Prediction of Fetal Growth Deviation by Ultrasonic Biometry

Abstract
A previously developed mathematical formula for prediction of fetal growth deviation at birth by means of ultrasonic fetometry was applied to 505 unselected singleton pregnancies. The gestational age was assessed by measuring the fetal biparietal diameter (BPD) in the 17th wk of pregnancy. In the 33rd and 38th wk of pregnancy, BPD and the abdominal diameters (AD) were measured. In detecting fetuses small-for-gestational age (SGA) in the 33rd wk, the ultrasonic diagnostic test had a nosological sensitivity of 77% and a nosological specificity of 78%. The nosological sensitivity and specificity for detecting fetuses large-for-gestational age (LGA) were 75% and 82%, respectively.
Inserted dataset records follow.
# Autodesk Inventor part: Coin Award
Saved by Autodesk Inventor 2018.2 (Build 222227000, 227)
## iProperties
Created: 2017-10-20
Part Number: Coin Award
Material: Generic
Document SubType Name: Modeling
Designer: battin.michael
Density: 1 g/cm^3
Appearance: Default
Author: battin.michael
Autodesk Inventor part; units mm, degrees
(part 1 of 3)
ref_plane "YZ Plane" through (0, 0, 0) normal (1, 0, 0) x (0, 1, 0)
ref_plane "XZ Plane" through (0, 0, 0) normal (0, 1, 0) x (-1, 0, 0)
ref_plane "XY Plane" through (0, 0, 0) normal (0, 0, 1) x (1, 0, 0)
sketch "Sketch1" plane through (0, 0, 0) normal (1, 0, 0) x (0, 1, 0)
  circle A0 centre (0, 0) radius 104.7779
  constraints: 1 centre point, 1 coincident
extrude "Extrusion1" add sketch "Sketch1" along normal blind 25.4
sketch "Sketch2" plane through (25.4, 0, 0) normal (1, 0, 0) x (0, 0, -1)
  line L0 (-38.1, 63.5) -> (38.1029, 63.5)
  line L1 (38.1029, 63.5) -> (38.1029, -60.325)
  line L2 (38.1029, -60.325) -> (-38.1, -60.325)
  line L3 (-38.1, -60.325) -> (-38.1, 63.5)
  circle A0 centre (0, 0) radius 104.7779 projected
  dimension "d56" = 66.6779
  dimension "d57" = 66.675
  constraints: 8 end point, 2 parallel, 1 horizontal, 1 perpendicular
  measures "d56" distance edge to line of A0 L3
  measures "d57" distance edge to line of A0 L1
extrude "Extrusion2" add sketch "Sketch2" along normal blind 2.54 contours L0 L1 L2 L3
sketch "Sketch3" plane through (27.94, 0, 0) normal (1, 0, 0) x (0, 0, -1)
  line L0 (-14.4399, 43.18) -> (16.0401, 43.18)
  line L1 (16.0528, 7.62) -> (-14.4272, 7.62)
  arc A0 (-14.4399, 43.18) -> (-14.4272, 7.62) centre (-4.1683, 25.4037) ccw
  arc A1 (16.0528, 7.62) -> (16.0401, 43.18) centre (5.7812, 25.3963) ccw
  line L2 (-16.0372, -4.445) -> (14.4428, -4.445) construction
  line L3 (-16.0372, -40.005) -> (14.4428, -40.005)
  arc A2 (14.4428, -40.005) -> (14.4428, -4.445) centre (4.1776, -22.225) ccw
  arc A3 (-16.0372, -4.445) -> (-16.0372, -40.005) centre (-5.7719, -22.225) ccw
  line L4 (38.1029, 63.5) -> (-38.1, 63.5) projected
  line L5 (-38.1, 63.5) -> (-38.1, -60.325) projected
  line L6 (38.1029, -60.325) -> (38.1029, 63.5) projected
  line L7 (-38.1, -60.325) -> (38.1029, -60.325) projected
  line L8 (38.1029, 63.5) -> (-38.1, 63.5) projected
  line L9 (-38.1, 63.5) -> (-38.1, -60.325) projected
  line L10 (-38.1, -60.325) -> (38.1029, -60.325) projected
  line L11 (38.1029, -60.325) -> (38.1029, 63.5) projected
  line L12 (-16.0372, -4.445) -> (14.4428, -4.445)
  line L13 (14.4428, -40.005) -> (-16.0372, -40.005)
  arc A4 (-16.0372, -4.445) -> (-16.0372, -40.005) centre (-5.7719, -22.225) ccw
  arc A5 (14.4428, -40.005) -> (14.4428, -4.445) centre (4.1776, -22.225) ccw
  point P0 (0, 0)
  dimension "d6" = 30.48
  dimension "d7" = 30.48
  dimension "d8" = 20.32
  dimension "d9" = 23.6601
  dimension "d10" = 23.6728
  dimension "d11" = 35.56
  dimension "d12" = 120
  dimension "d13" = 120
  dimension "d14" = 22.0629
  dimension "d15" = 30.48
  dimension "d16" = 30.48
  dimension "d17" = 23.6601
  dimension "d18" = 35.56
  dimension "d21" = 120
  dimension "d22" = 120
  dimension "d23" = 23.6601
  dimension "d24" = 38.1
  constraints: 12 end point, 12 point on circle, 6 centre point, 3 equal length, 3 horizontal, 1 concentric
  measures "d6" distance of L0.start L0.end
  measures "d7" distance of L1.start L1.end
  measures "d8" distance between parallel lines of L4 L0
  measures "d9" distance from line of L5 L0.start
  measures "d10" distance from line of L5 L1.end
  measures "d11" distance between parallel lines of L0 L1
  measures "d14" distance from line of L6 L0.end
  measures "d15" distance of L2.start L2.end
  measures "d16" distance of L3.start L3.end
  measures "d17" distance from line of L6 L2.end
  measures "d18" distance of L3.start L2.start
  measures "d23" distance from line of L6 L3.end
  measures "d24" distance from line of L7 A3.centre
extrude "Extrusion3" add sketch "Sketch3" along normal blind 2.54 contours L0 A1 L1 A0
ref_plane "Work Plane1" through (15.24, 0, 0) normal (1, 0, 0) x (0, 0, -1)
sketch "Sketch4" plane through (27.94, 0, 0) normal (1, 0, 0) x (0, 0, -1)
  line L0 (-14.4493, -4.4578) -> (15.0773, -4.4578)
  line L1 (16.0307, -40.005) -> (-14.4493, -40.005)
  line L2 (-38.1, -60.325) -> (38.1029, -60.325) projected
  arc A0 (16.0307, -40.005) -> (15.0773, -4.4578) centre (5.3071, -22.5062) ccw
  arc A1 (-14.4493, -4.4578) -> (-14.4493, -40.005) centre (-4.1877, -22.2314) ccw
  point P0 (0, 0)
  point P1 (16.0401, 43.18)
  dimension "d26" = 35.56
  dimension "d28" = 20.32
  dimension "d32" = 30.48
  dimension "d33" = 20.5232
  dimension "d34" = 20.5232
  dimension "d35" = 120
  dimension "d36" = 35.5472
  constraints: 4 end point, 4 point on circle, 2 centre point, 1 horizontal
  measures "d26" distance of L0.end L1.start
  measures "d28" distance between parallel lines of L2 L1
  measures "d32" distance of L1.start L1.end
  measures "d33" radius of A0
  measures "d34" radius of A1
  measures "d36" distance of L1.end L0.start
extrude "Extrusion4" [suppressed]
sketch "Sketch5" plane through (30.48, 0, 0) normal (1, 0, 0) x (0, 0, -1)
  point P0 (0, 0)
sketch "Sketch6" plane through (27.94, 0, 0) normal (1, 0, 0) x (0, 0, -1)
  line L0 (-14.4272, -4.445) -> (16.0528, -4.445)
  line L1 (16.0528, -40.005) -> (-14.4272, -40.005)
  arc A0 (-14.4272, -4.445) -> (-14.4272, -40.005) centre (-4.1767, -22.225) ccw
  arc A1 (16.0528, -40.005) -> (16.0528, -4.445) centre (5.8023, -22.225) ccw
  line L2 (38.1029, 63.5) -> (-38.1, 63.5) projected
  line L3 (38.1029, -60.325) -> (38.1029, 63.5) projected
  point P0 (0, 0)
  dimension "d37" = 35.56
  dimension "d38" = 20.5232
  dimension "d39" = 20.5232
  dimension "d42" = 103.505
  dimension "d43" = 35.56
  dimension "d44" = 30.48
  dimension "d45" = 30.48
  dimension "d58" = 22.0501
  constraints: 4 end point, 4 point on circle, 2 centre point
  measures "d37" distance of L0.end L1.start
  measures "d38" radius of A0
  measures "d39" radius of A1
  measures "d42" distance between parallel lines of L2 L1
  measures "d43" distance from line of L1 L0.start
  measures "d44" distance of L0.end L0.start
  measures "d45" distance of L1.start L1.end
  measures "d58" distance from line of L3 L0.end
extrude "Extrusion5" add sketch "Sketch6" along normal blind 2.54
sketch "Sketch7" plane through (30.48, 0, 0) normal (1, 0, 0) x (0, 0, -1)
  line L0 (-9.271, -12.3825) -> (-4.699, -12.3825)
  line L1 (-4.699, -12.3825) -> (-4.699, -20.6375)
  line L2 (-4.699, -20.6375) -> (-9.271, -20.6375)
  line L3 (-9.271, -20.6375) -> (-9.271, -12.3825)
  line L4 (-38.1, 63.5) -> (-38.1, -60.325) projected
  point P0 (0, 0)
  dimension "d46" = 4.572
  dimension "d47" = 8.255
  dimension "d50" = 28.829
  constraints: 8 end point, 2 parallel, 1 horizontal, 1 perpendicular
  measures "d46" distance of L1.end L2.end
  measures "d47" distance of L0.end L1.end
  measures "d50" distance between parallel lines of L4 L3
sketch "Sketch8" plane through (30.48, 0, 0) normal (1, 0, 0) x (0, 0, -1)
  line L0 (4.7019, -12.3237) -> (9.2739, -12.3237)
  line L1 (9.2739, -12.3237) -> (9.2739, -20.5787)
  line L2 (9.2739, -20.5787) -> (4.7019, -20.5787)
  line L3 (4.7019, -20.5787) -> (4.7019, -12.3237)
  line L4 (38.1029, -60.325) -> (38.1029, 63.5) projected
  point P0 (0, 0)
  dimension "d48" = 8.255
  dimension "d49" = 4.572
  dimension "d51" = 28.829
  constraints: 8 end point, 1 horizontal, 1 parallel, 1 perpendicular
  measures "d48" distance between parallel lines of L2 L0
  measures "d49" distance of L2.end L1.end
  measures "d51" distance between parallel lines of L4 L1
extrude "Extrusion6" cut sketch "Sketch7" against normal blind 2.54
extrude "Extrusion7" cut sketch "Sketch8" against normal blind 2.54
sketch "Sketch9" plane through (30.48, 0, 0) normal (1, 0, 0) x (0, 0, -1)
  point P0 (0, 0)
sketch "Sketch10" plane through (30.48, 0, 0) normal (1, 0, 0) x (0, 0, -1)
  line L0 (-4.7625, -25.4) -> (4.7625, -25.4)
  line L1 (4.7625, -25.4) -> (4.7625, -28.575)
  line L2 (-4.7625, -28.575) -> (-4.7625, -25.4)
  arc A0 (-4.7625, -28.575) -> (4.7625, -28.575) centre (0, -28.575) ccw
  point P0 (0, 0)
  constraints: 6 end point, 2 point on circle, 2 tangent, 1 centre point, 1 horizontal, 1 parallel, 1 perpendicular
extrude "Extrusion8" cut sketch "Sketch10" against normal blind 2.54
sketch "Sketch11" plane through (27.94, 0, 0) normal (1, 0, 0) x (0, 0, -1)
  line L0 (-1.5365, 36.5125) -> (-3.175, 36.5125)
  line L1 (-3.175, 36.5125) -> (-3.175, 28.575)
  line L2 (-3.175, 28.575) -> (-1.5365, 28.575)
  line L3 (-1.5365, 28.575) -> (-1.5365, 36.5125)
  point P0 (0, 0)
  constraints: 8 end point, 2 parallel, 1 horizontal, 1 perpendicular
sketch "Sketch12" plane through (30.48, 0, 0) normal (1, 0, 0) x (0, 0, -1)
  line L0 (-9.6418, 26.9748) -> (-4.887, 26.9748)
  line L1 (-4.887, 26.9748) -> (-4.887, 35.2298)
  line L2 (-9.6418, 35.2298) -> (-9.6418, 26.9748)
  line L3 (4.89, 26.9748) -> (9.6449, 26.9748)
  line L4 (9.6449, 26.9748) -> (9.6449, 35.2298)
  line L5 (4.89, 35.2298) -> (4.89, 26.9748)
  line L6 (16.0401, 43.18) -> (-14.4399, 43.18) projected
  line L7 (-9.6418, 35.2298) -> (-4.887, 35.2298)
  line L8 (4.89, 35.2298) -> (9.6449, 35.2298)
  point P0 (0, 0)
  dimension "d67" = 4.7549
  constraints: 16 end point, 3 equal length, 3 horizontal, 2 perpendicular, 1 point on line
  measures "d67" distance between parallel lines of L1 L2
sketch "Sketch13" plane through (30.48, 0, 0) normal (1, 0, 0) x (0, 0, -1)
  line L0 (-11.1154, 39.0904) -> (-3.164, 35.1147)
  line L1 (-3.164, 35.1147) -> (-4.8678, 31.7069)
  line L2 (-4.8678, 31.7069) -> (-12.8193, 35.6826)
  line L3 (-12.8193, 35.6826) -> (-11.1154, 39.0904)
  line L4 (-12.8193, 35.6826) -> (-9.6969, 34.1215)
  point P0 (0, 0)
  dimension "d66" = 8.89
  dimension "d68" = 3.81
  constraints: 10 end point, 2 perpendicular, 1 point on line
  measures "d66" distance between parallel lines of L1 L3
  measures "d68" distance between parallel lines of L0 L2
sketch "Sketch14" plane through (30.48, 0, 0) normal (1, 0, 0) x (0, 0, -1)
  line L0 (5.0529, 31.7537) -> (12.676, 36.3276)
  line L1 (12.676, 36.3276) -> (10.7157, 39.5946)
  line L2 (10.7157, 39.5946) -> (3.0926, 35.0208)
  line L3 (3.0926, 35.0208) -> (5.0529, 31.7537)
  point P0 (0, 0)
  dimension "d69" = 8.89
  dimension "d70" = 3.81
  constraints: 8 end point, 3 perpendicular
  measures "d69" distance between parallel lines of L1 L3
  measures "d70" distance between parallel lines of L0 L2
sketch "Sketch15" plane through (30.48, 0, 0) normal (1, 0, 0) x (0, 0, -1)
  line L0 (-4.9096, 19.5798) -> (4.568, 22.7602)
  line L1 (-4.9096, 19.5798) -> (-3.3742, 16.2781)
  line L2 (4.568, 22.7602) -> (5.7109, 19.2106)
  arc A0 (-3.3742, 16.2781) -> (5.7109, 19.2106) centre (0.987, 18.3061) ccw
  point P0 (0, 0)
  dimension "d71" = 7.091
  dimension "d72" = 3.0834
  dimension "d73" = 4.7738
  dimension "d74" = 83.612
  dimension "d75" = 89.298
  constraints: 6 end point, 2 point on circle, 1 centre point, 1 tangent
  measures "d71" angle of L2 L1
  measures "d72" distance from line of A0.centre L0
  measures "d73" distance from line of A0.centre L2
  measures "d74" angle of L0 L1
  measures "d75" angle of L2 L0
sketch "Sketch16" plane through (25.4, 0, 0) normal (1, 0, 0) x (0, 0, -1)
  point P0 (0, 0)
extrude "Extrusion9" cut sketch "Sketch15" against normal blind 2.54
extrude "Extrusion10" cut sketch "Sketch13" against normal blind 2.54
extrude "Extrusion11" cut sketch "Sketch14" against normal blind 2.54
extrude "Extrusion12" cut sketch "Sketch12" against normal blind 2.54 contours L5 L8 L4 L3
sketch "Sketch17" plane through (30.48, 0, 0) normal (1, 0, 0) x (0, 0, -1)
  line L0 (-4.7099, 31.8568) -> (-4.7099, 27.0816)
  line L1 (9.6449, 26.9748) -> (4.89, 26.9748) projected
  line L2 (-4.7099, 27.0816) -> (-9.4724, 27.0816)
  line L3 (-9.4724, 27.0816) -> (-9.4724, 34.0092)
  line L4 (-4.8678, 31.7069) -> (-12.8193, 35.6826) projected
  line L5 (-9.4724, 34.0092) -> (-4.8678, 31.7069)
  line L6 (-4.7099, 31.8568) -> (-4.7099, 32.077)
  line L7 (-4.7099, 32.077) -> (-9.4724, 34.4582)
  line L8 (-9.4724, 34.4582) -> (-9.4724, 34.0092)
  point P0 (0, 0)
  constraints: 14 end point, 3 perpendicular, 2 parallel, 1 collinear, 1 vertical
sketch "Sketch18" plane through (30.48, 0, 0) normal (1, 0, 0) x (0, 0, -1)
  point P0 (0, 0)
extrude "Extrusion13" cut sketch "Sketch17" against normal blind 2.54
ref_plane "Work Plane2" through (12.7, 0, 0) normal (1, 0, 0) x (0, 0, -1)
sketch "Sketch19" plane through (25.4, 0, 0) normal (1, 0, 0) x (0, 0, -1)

The result was not improved significantly when the formula was applied to the total group in the 38th wk. At the 33rd wk, examination of risk groups with high prevalence of SGA and LGA fetuses were identified. When these groups were submitted to an additional examination of in the 38th wk, the prevalence of SGA and LGA fetuses in the new risk groups increased to 50%. At the 33rd wk, examination of the predictive value of a negative test for SGA and LGA was 98%. The procedure described is well suited for general screening of pregnant women with ultrasound, and combined with other biochemical and biophysical tests, makes possible a close clinical surveillance of the fetus at risk.